“Lovecraft Country” se passa nos Estados Unidos da década de 1950 e acompanha um jovem que acabou de voltar da Guerra da Coreia. Com seu tio e sua amiga, ele embarca em uma viagem em busca de seu pai, mas terá de enfrentar uma sociedade segregada e seres sobrenaturais.
A série está disponível na HBO GO.
Terror como metáfora social
Criada por Misha Green e produzida por Jordan Peele (bastante envolvido no projeto, por sinal) “Lovecraft Country” adapta o bom livro de mesmo nome (“Território Lovecraft” no Brasil), de Matt Ruff. Mas, se a obra original já debatia sobre histórico racismo que permanece até os dias de hoje, Misha não tem medo algum de tornar a discussão mais complexa e abrangente. A nova série da HBO explora mais do que o racismo superficial que todos sabem (ou deveriam saber) que existe e mergulha em temas menos trabalhados na cultura pop como afrofuturismo, a mulher branca fortalecendo a manutenção do racismo, identidade, violência como resistência, entre outros assuntos.
Entretanto, a showrunner reveste muitos desses temas com elementos pulp e fantasiosos. A própria existência da magia na série nada mais é do que um reflexo da posição de poder e, não à toa, os únicos que a dominam nos Estados Unidos inicialmente (e secretamente) são os brancos. Todavia, essa posição não enfraquece o debate, pelo contrário, o torna mais acessível e exige do público uma compreensão sobre a sociedade retratada, que nada mais é do que um reflexo da nossa sociedade. Porque, além da magia, os monstros da série também têm uma carga simbólica, ao mesmo tempo que traz de volta uma pergunta recorrente: “quem é o verdadeiro monstro?”
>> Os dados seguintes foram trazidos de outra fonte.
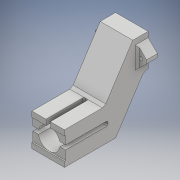
# Autodesk Inventor part: RescueKit-Pipev3
Saved by Autodesk Inventor 2018.3 (Build 223284000, 284)
## iProperties
Created: 2019-03-13
Part Number: RescueKit-Pipev3
Material: 一般
Document SubType Name: Modeling
Designer: shun2
Density: 1 g/cm^3
Appearance: 既定
Author: shun2
Autodesk Inventor part; units mm, degrees
ref_plane "YZ Plane" through (0, 0, 0) normal (1, 0, 0) x (0, 1, 0)
ref_plane "XZ Plane" through (0, 0, 0) normal (0, 1, 0) x (-1, 0, 0)
ref_plane "XY Plane" through (0, 0, 0) normal (0, 0, 1) x (1, 0, 0)
sketch "スケッチ1" plane through (0, 0, 0) normal (1, 0, 0) x (0, 1, 0)
  line L0 (-10, 0) -> (18.2843, 0) construction
  line L1 (-10, 0) -> (34.366, 0) construction
  line L2 (-75, -65) -> (-27.8868, -65)
  line L3 (-38.094, -35) -> (-75, -35)
  line L4 (-75, -35) -> (-75, -65)
  line L5 (0, 5) -> (-12.1177, 5)
  line L6 (-15, 5) -> (31.188, 5) construction
  line L7 (-25, -60) -> (-19.2265, -60) construction
  line L8 (-1.9104, -25) -> (0, -25)
  line L9 (0, 5) -> (2, 5)
  line L10 (2, 5) -> (2, -25)
  line L11 (2, -25) -> (0, -25)
  line L12 (-27.8868, -65) -> (-1.9104, -25)
  line L13 (-27.8868, -65) -> (19.8078, -65) construction
  line L14 (-38.094, -35) -> (-12.1177, 5)
  line L15 (-10.7143, -35) -> (9.6005, -35) construction
  point P0 (0, 0)
  dimension "d49" = 2
  dimension "d50" = 57
  constraints: 32 end point, 9 horizontal, 3 parallel, 1 equal length, 1 perpendicular, 1 point on line
  measures "d49" distance of L10.end L8.end
  measures "d50" angle of L13 L12
extrude "押し出し1" add sketch "スケッチ1" along normal blind 20
sketch "スケッチ2" plane through (20, 0, 0) normal (1, 0, 0) x (0, 0, -1)
  line L0 (65, -75) -> (65, -27.8868) projected
  line L1 (65, -27.8868) -> (25, -1.9104) projected
  line L2 (25, -1.9104) -> (25, 2) projected
  line L3 (25, 2) -> (-5, 2) projected
  line L4 (-5, 2) -> (-5, -12.1177) projected
  line L5 (-5, -12.1177) -> (35, -38.094) projected
  line L6 (35, -38.094) -> (35, -75) projected
  line L7 (35, -75) -> (65, -75) projected
  line L8 (65, -75) -> (65, -27.8868) projected
  line L9 (65, -27.8868) -> (25, -1.9104) projected
  line L10 (25, -1.9104) -> (25, 2) projected
  line L11 (25, 2) -> (-5, 2) projected
  line L12 (-5, 2) -> (-5, -12.1177) projected
  line L13 (-5, -12.1177) -> (35, -38.094) projected
  line L14 (35, -38.094) -> (35, -75) projected
  line L15 (35, -75) -> (65, -75) projected
  line L16 (35, -75) -> (65, -75) projected
  line L17 (40, -75) -> (60, -75)
  line L18 (60, -75) -> (60, -29.4241)
  line L19 (40, -35) -> (40, -75)
  line L20 (40, -35) -> (0, -9.0237)
  line L21 (60, -29.4241) -> (20, -3.4478)
  line L22 (60, -29.4241) -> (112.0643, -29.4241) construction
  line L23 (0, 2) -> (20, 2)
  line L24 (20, 2) -> (20, -3.4478)
  line L25 (0, -9.0237) -> (0, 2)
  dimension "d53" = 147
  constraints: 18 end point, 3 horizontal, 2 parallel, 2 perpendicular, 1 point on line
  measures "d53" angle of L22 L21
extrude "押し出し2" cut sketch "スケッチ2" against normal blind 20 contours L7 L19 L20 L25 L3 L24 L21 L18
sketch "スケッチ3" plane through (20, 0, 0) normal (1, 0, 0) x (0, 0, -1)
  line L0 (35, -75) -> (40, -75) projected
  line L1 (35, -75) -> (40, -75) projected
  line L2 (0, 2) -> (-5, 2) projected
  line L3 (0, 2) -> (-5, 2) projected
  line L4 (20, 2) -> (20, -3.4478) projected
  line L5 (0, -9.0237) -> (0, 2) projected
  line L6 (40, -35) -> (0, -9.0237) projected
  line L7 (40, -75) -> (40, -35) projected
  line L8 (60, -29.4241) -> (60, -75) projected
  line L9 (20, -3.4478) -> (60, -29.4241) projected
  line L10 (20, 2) -> (20, -3.4478) projected
  line L11 (0, -9.0237) -> (0, 2) projected
  line L12 (40, -35) -> (0, -9.0237) projected
  line L13 (40, -75) -> (40, -35) projected
  line L14 (60, -29.4241) -> (60, -75) projected
  line L15 (20, -3.4478) -> (60, -29.4241) projected
  line L16 (-5, 2) -> (-5, -12.1177) projected
  line L17 (-5, -12.1177) -> (35, -38.094) projected
  line L18 (35, -38.094) -> (35, -75) projected
  line L19 (60, -75) -> (65, -75) projected
  line L20 (65, -75) -> (65, -27.8868) projected
  line L21 (65, -27.8868) -> (25, -1.9104) projected
  line L22 (25, -1.9104) -> (25, 2) projected
  line L23 (25, 2) -> (20, 2) projected
  line L24 (-5, 2) -> (-5, -12.1177) projected
  line L25 (-5, -12.1177) -> (35, -38.094) projected
  line L26 (35, -38.094) -> (35, -75) projected
  line L27 (60, -75) -> (65, -75) projected
  line L28 (65, -75) -> (65, -27.8868) projected
  line L29 (65, -27.8868) -> (25, -1.9104) projected
  line L30 (25, -1.9104) -> (25, 2) projected
  line L31 (25, 2) -> (20, 2) projected
  line L32 (-5, 2) -> (25, 2)
  line L33 (35, -75) -> (40, -75) projected
  line L34 (35, -75) -> (65, -75)
  line L35 (65, -75) -> (65, -27.8868) projected
  line L36 (65, -27.8868) -> (25, -1.9104) projected
  line L37 (65, -27.8868) -> (25, -1.9104)
  line L38 (25, -1.9104) -> (25, 2)
  line L39 (-5, 2) -> (-5, -12.1177) projected
  line L40 (-5, 2) -> (-5, -12.1177)
  line L41 (-5, -12.1177) -> (35, -38.094)
  line L42 (35, -75) -> (35, -38.094)
  line L43 (65, -75) -> (65, -27.8868)
  constraints: 16 end point, 4 collinear, 1 horizontal, 1 parallel, 1 perpendicular, 1 vertical
extrude "押し出し3" add sketch "スケッチ3" along normal blind 5
sketch "スケッチ4" plane through (0, 0, 0) normal (-1, 0, 0) x (0, 0, 1)
  line L0 (-60, -75) -> (-65, -75) projected
  line L1 (-60, -75) -> (-65, -75) projected
  line L2 (-25, 2) -> (-20, 2) projected
  line L3 (-25, 2) -> (-20, 2) projected
  line L4 (-20, -3.4478) -> (-20, 2) projected
  line L5 (-60, -29.4241) -> (-20, -3.4478) projected
  line L6 (-60, -75) -> (-60, -29.4241) projected
  line L7 (-40, -35) -> (-40, -75) projected
  line L8 (0, -9.0237) -> (-40, -35) projected
  line L9 (0, 2) -> (0, -9.0237) projected
  line L10 (-20, -3.4478) -> (-20, 2) projected
  line L11 (-60, -29.4241) -> (-20, -3.4478) projected
  line L12 (-60, -75) -> (-60, -29.4241) projected
  line L13 (-40, -35) -> (-40, -75) projected
  line L14 (0, -9.0237) -> (-40, -35) projected
  line L15 (0, 2) -> (0, -9.0237) projected
  line L16 (-35, -75) -> (-40, -75) projected
  line L17 (-35, -38.094) -> (-35, -75) projected
  line L18 (5, -12.1177) -> (-35, -38.094) projected
  line L19 (5, 2) -> (5, -12.1177) projected
  line L20 (0, 2) -> (5, 2) projected
  line L21 (-25, -1.9104) -> (-25, 2) projected
  line L22 (-65, -27.8868) -> (-25, -1.9104) projected
  line L23 (-65, -75) -> (-65, -27.8868) projected
  line L24 (-35, -75) -> (-40, -75) projected
  line L25 (-35, -38.094) -> (-35, -75) projected
  line L26 (5, -12.1177) -> (-35, -38.094) projected
  line L27 (5, 2) -> (5, -12.1177) projected
  line L28 (0, 2) -> (5, 2) projected
  line L29 (-25, -1.9104) -> (-25, 2) projected
  line L30 (-65, -27.8868) -> (-25, -1.9104) projected
  line L31 (-65, -75) -> (-65, -27.8868) projected
  line L32 (-25, 2) -> (-20, 2) projected
  line L33 (-25, 2) -> (5, 2)
  line L34 (5, 2) -> (5, -12.1177) projected
  line L35 (5, 2) -> (5, -12.1177)
  line L36 (5, -12.1177) -> (-35, -38.094) projected
  line L37 (-35, -38.094) -> (5, -12.1177)
  line L38 (-25, -1.9104) -> (-25, 2) projected
  line L39 (-25, 2) -> (-25, -1.9104)
  line L40 (-65, -27.8868) -> (-25, -1.9104) projected
  line L41 (-25, -1.9104) -> (-65, -27.8868)
  line L42 (-65, -75) -> (-65, -27.8868) projected
  line L43 (-65, -27.8868) -> (-65, -75)
  line L44 (-65, -75) -> (-35, -75)
  line L45 (-35, -38.094) -> (-35, -75)
  point P0 (-25, 0)
  constraints: 16 end point, 5 collinear, 1 parallel, 1 perpendicular, 1 vertical
extrude "押し出し4" add sketch "スケッチ4" along normal blind 5
sketch "スケッチ5" plane through (25, 0, 0) normal (1, 0, 0) x (0, 0, -1)
  line L0 (-5, -12.1177) -> (35, -38.094) projected
  line L1 (35, -38.094) -> (35, -75) projected
  line L2 (35, -75) -> (65, -75) projected
  line L3 (65, -75) -> (65, -27.8868) projected
  line L4 (65, -27.8868) -> (25, -1.9104) projected
  line L5 (25, -1.9104) -> (25, 2) projected
  line L6 (25, 2) -> (-5, 2) projected
  line L7 (-5, 2) -> (-5, -12.1177) projected
  point P0 (0, 0)
chamfer "面取り1" distance 2 angle 45 2 edges at (10, -38.094, -35) (10, -1.9104, -25)
sketch "スケッチ6" plane through (25, -75, -65) normal (0, -1, 0) x (1, 0, 0)
  circle A0 centre (-15, 15) radius 10
  line L0 (-5, 5) -> (-25, 5) projected
  line L1 (-25, 25) -> (-5, 25) projected
  line L2 (0, 0) -> (-30, 0) projected
  line L3 (-30, 30) -> (0, 30) projected
  line L4 (0, 30) -> (0, 0) projected
  line L5 (-5, 25) -> (-5, 5) projected
  line L6 (-30, 0) -> (-30, 30) projected
  line L7 (-25, 5) -> (-25, 25) projected
  point P0 (-25, 65)
  dimension "d31" = 20
  constraints: 1 centre point
  measures "d31" diameter of A0
extrude "押し出し5" add sketch "スケッチ6" against normal blind 40 contours L5 L0 A0 | A0 L1 L5 | A0 L7 L1 | L0 L7 A0 | L2 L6 L3 L4
sketch "スケッチ8" plane through (25, -75, -65) normal (0, -1, 0) x (1, 0, 0)
  line L0 (0, 25) -> (-30, 25)
  line L1 (-30, 25) -> (-30, 5)
  line L2 (-30, 5) -> (0, 5)
  line L3 (0, 5) -> (0, 25)
  point P0 (-25, 65)
  constraints: 8 end point, 2 parallel, 1 horizontal, 1 perpendicular
extrude "押し出し7" cut sketch "スケッチ8" against normal blind 1
sketch "スケッチ9" plane through (25, 2, 5) normal (0, 1, 0) x (1, 0, 0)
  circle A0 centre (-33.6, 15) radius 1.6
  line L0 (-30, 38.3227) -> (-30, 0) projected
  line L1 (-30, 5) -> (-38.5697, 13.4)
  line L2 (-15, 8.2441) -> (-15, 19.5683)
  line L3 (-30, 25) -> (-38.5697, 16.6)
  line L4 (-38.5697, 16.6) -> (-38.5697, 13.4)
  line L5 (-30, 5) -> (-30, 25)
  circle A1 centre (3.6, 15) radius 1.6
  line L6 (0, 5) -> (8.5697, 13.4)
  line L7 (0, 25) -> (8.5697, 16.6)
  line L8 (8.5697, 16.6) -> (8.5697, 13.4)
  line L9 (0, 5) -> (0, 25)
  point P0 (-25, 5)
  point P1 (-15, 15)
  dimension "d55" = 3.2
  dimension "d57" = 12
  dimension "d58" = 12
  constraints: 18 end point, 5 symmetric about line, 2 centre point, 2 point on line, 2 vertical, 1 collinear, 1 other
  measures "d55" diameter of A0
  measures "d57" distance of L1.start L1.end
  measures "d58" distance of L3.start L3.end
extrude "押し出し8" add sketch "スケッチ9" against normal blind 10
chamfer "面取り4" distance 2 angle 45 2 edges at (-5, -8, -10) (25, -8, -10)
sketch "スケッチ10" plane through (25, 0, 0) normal (1, 0, 0) x (0, 0, -1)
  line L0 (60, -74) -> (40, -74) projected
  line L1 (51.5, -35) -> (47.5, -35)
  line L2 (47.5, -35) -> (47.5, -74)
  line L3 (47.5, -74) -> (51.5, -74)
  line L4 (51.5, -74) -> (51.5, -35)
  line L5 (51.5, -35) -> (47.5, -74) construction
  line L6 (47.5, -35) -> (51.5, -74) construction
  point P0 (0, 0)
  point P1 (50, -74)
  point P2 (49.5, -54.5)
  dimension "d64" = 4
  constraints: 12 end point, 3 midpoint, 2 parallel, 1 horizontal, 1 perpendicular, 1 point on line
  measures "d64" distance of L3.end L2.end
extrude "押し出し9" cut sketch "スケッチ10" against normal blind 100
sketch "スケッチ11" plane through (-5, -75, -35) normal (0, 0, 1) x (1, 0, 0)
  line L0 (0, 0) -> (30, 0) projected
  line L1 (13, 39) -> (17, 39)
  line L2 (17, 39) -> (17, 0)
  line L3 (17, 0) -> (13, 0)
  line L4 (13, 0) -> (13, 39)
  line L5 (13, 39) -> (17, 0) construction
  line L6 (17, 39) -> (13, 0) construction
  line L7 (0, 34.906) -> (30, 34.906) projected
  line L8 (17, 34.906) -> (13, 34.906)
  point P0 (5, 75)
  point P1 (15, 19.5)
  dimension "d67" = 4
  constraints: 14 end point, 5 point on line, 2 midpoint, 2 parallel, 1 horizontal, 1 perpendicular
  measures "d67" distance of L2.end L3.end
extrude "押し出し10" cut sketch "スケッチ11" against normal blind 8 contours L4 L7 L2 L0
chamfer "面取り5" distance 1 angle 45 6 edges at (8, -40.094, -37.601) (12, -40.094, -37.601) (22.5, -35, -51.5) (22.5, -35, -47.5) (-2.5, -35, -51.5) (-2.5, -35, -47.5)

Só que a obra não apenas levanta a questão como a responde sutilmente com o desenvolvimento da jornada desses personagens. Tudo aquilo que parece distante e poderoso demais, os monstros e os feitiços, são contornáveis, enquanto contra os brancos racistas eles pouco podem fazer.
Dessa forma, “Lovecraft Country” entrega uma jornada impressionante e poderosa, tanto temática como narrativamente. A escolha por seguir a ideia do livro de capítulos (ainda que as mudanças sejam muitas, quase sempre positivas) faz com que a série explore diferentes personalidades e suas realidades próprias, o que não atrapalha o desenvolvimento narrativo e, sim, o engrandece, pois quando as histórias começam a convergir em uma só, já sabemos tudo sobre aqueles personagens, desde suas motivações até seus defeitos, já que não tem um personagem aqui isento de falhas, o que os torna ainda mais humanos.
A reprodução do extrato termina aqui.